EXERCISE INSTRUCTIONS
Retype each record below word for word, pictures excluded.

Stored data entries

= = = = = = =

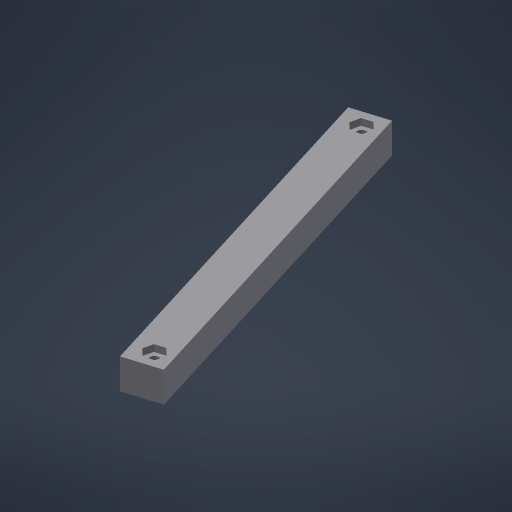
# Autodesk Inventor part: 3010 MOUNT PLATE RETAINER
Saved by Autodesk Inventor 2023.3 (Build 273359000, 359)
## iProperties
RuleStatus: InUse
AfterDocSave0: file://Part Number Cleaner
Created: 2021-11-16
Material: Generic
Catalog Web Link: https://www.janelia.org/
Vendor: HHMI: JRC - jET
Document SubType Name: Modeling
Designer: goulett
Density: 1 g/cm^3
Appearance: Default
Part Number: 3010 MOUNT PLATE RETAINER
LAB/DEPT: A. LEE (LAB)
DESIGN DEPARTMENT: HHMI: JRC - jET
ALTERED ITEM PART NUMBER: N/A
ALTERED ITEM VENDOR: N/A
ALTERED ITEM DESCRIPTION: N/A
Title: Standard
Author: goulett
Revision Number: 0
Autodesk Inventor part; units mm, degrees
ref_plane "YZ Plane" through (0, 0, 0) normal (1, 0, 0) x (0, 1, 0)
ref_plane "XZ Plane" through (0, 0, 0) normal (0, 1, 0) x (-1, 0, 0)
ref_plane "XY Plane" through (0, 0, 0) normal (0, 0, 1) x (1, 0, 0)
sketch "Sketch1" plane through (0, 0, 0) normal (0, 1, 0) x (-1, 0, 0)
  circle A0 centre (33.827, -45.1473) radius 1.143 projected
  circle A1 centre (11.7661, 26.4615) radius 1.143 projected
  line L0 (31.3076, -49.9102) -> (7.0032, 28.9809) projected
  line L1 (7.0032, 28.9809) -> (55.0834, 43.7932) projected
  line L2 (110.1987, -25.6058) -> (31.3076, -49.9102) projected
  line L3 (39.3181, -47.4424) -> (15.0137, 31.4487)
  line L4 (15.0137, 31.4487) -> (7.0032, 28.9809)
  line L5 (7.0032, 28.9809) -> (31.3076, -49.9102)
  point P0 (0, 0)
  point P1 (39.8036, -47.2928)
  point P2 (15.0137, 31.4487)
  dimension "d0" = 8.382
  constraints: 6 end point, 1 collinear, 1 parallel, 1 point on line
  measures "d0" distance between parallel lines of L0 L3
extrude "Extrusion1" add sketch "Sketch1" along normal blind 4.064
sketch "Sketch2" plane through (0, 0, 0) normal (0, -1, 0) x (1, 0, 0)
  line L0 (-13.8437, 22.9527) -> (-33.5699, -41.0776) projected
  line L1 (-16.4887, 27.953) -> (-13.8437, 22.9527) projected
  line L2 (-33.5699, -41.0776) -> (-38.5703, -43.7227) projected
  line L3 (-38.3328, -44.1717) -> (-33.1464, -41.4283)
  line L4 (-33.1464, -41.4283) -> (-13.2963, 23.0042)
  line L5 (-13.2963, 23.0042) -> (-16.0397, 28.1906)
  line L6 (-39.3181, -47.4424) -> (-15.0137, 31.4487) projected
  line L7 (-31.3076, -49.9102) -> (-39.3181, -47.4424) projected
  circle A0 centre (-11.7661, 26.4615) radius 1.143 projected
  circle A1 centre (-33.827, -45.1473) radius 1.143 projected
  line L8 (-7.0032, 28.9809) -> (-31.3076, -49.9102) projected
  line L9 (-15.0137, 31.4487) -> (-7.0032, 28.9809) projected
  point P0 (0, 0)
  point P1 (-37.7505, -43.8637)
  point P2 (-15.7317, 27.6083)
  point P3 (-16.0256, 28.164)
  point P4 (-38.3061, -44.1576)
  dimension "d3" = 0.508
  constraints: 6 end point, 2 other
  measures "d3" distance between parallel lines of L0 L4
extrude "Extrusion2" add sketch "Sketch2" along normal blind 3.175 contours L6 L9 L8 L7 L3 L4 L5
sketch "Sketch3" plane through (0, 4.064, 0) normal (0, 1, 0) x (1, 0, 0)
  circle A0 centre (-11.7661, -26.4615) radius 1.143 projected
  circle A1 centre (-33.827, 45.1473) radius 1.143 projected
  line L0 (-31.5846, 45.8381) -> (-32.1076, 43.5508)
  line L1 (-32.1076, 43.5508) -> (-34.3499, 42.86)
  line L2 (-34.3499, 42.86) -> (-36.0693, 44.4565)
  line L3 (-36.0693, 44.4565) -> (-35.5464, 46.7439)
  line L4 (-35.5464, 46.7439) -> (-33.3041, 47.4347)
  line L5 (-33.3041, 47.4347) -> (-31.5846, 45.8381)
  line L6 (-9.5237, -25.7707) -> (-10.0466, -28.058)
  line L7 (-10.0466, -28.058) -> (-12.289, -28.7488)
  line L8 (-12.289, -28.7488) -> (-14.0084, -27.1523)
  line L9 (-14.0084, -27.1523) -> (-13.4855, -24.8649)
  line L10 (-13.4855, -24.8649) -> (-11.2431, -24.1741)
  line L11 (-11.2431, -24.1741) -> (-9.5237, -25.7707)
  line L12 (-31.3076, 49.9102) -> (-39.3181, 47.4424) projected
  point P0 (0, 0)
  point P1 (-38.8933, 47.5732)
  dimension "d6" = 4.064
  dimension "d7" = 4.064
  constraints: 24 end point, 2 coincident, 2 parallel, 26 other
  measures "d6" distance between parallel lines of L7 L10
  measures "d7" distance from line of L3.end L1
extrude "Extrusion3" cut sketch "Sketch3" against normal blind 1.5875 contours A0 | L0 L1 L2 L3 L4 L5 | L6 L7 L8 L9 L10 L11
body "Solid1"

= = = = = = =

EXPECTED ANSWER
# Autodesk Inventor part: 3010 MOUNT PLATE RETAINER
Saved by Autodesk Inventor 2023.3 (Build 273359000, 359)
## iProperties
RuleStatus: InUse
AfterDocSave0: file://Part Number Cleaner
Created: 2021-11-16
Material: Generic
Catalog Web Link: https://www.janelia.org/
Vendor: HHMI: JRC - jET
Document SubType Name: Modeling
Designer: goulett
Density: 1 g/cm^3
Appearance: Default
Part Number: 3010 MOUNT PLATE RETAINER
LAB/DEPT: A. LEE (LAB)
DESIGN DEPARTMENT: HHMI: JRC - jET
ALTERED ITEM PART NUMBER: N/A
ALTERED ITEM VENDOR: N/A
ALTERED ITEM DESCRIPTION: N/A
Title: Standard
Author: goulett
Revision Number: 0
Autodesk Inventor part; units mm, degrees
ref_plane "YZ Plane" through (0, 0, 0) normal (1, 0, 0) x (0, 1, 0)
ref_plane "XZ Plane" through (0, 0, 0) normal (0, 1, 0) x (-1, 0, 0)
ref_plane "XY Plane" through (0, 0, 0) normal (0, 0, 1) x (1, 0, 0)
sketch "Sketch1" plane through (0, 0, 0) normal (0, 1, 0) x (-1, 0, 0)
  circle A0 centre (33.827, -45.1473) radius 1.143 projected
  circle A1 centre (11.7661, 26.4615) radius 1.143 projected
  line L0 (31.3076, -49.9102) -> (7.0032, 28.9809) projected
  line L1 (7.0032, 28.9809) -> (55.0834, 43.7932) projected
  line L2 (110.1987, -25.6058) -> (31.3076, -49.9102) projected
  line L3 (39.3181, -47.4424) -> (15.0137, 31.4487)
  line L4 (15.0137, 31.4487) -> (7.0032, 28.9809)
  line L5 (7.0032, 28.9809) -> (31.3076, -49.9102)
  point P0 (0, 0)
  point P1 (39.8036, -47.2928)
  point P2 (15.0137, 31.4487)
  dimension "d0" = 8.382
  constraints: 6 end point, 1 collinear, 1 parallel, 1 point on line
  measures "d0" distance between parallel lines of L0 L3
extrude "Extrusion1" add sketch "Sketch1" along normal blind 4.064
sketch "Sketch2" plane through (0, 0, 0) normal (0, -1, 0) x (1, 0, 0)
  line L0 (-13.8437, 22.9527) -> (-33.5699, -41.0776) projected
  line L1 (-16.4887, 27.953) -> (-13.8437, 22.9527) projected
  line L2 (-33.5699, -41.0776) -> (-38.5703, -43.7227) projected
  line L3 (-38.3328, -44.1717) -> (-33.1464, -41.4283)
  line L4 (-33.1464, -41.4283) -> (-13.2963, 23.0042)
  line L5 (-13.2963, 23.0042) -> (-16.0397, 28.1906)
  line L6 (-39.3181, -47.4424) -> (-15.0137, 31.4487) projected
  line L7 (-31.3076, -49.9102) -> (-39.3181, -47.4424) projected
  circle A0 centre (-11.7661, 26.4615) radius 1.143 projected
  circle A1 centre (-33.827, -45.1473) radius 1.143 projected
  line L8 (-7.0032, 28.9809) -> (-31.3076, -49.9102) projected
  line L9 (-15.0137, 31.4487) -> (-7.0032, 28.9809) projected
  point P0 (0, 0)
  point P1 (-37.7505, -43.8637)
  point P2 (-15.7317, 27.6083)
  point P3 (-16.0256, 28.164)
  point P4 (-38.3061, -44.1576)
  dimension "d3" = 0.508
  constraints: 6 end point, 2 other
  measures "d3" distance between parallel lines of L0 L4
extrude "Extrusion2" add sketch "Sketch2" along normal blind 3.175 contours L6 L9 L8 L7 L3 L4 L5
sketch "Sketch3" plane through (0, 4.064, 0) normal (0, 1, 0) x (1, 0, 0)
  circle A0 centre (-11.7661, -26.4615) radius 1.143 projected
  circle A1 centre (-33.827, 45.1473) radius 1.143 projected
  line L0 (-31.5846, 45.8381) -> (-32.1076, 43.5508)
  line L1 (-32.1076, 43.5508) -> (-34.3499, 42.86)
  line L2 (-34.3499, 42.86) -> (-36.0693, 44.4565)
  line L3 (-36.0693, 44.4565) -> (-35.5464, 46.7439)
  line L4 (-35.5464, 46.7439) -> (-33.3041, 47.4347)
  line L5 (-33.3041, 47.4347) -> (-31.5846, 45.8381)
  line L6 (-9.5237, -25.7707) -> (-10.0466, -28.058)
  line L7 (-10.0466, -28.058) -> (-12.289, -28.7488)
  line L8 (-12.289, -28.7488) -> (-14.0084, -27.1523)
  line L9 (-14.0084, -27.1523) -> (-13.4855, -24.8649)
  line L10 (-13.4855, -24.8649) -> (-11.2431, -24.1741)
  line L11 (-11.2431, -24.1741) -> (-9.5237, -25.7707)
  line L12 (-31.3076, 49.9102) -> (-39.3181, 47.4424) projected
  point P0 (0, 0)
  point P1 (-38.8933, 47.5732)
  dimension "d6" = 4.064
  dimension "d7" = 4.064
  constraints: 24 end point, 2 coincident, 2 parallel, 26 other
  measures "d6" distance between parallel lines of L7 L10
  measures "d7" distance from line of L3.end L1
extrude "Extrusion3" cut sketch "Sketch3" against normal blind 1.5875 contours A0 | L0 L1 L2 L3 L4 L5 | L6 L7 L8 L9 L10 L11
body "Solid1"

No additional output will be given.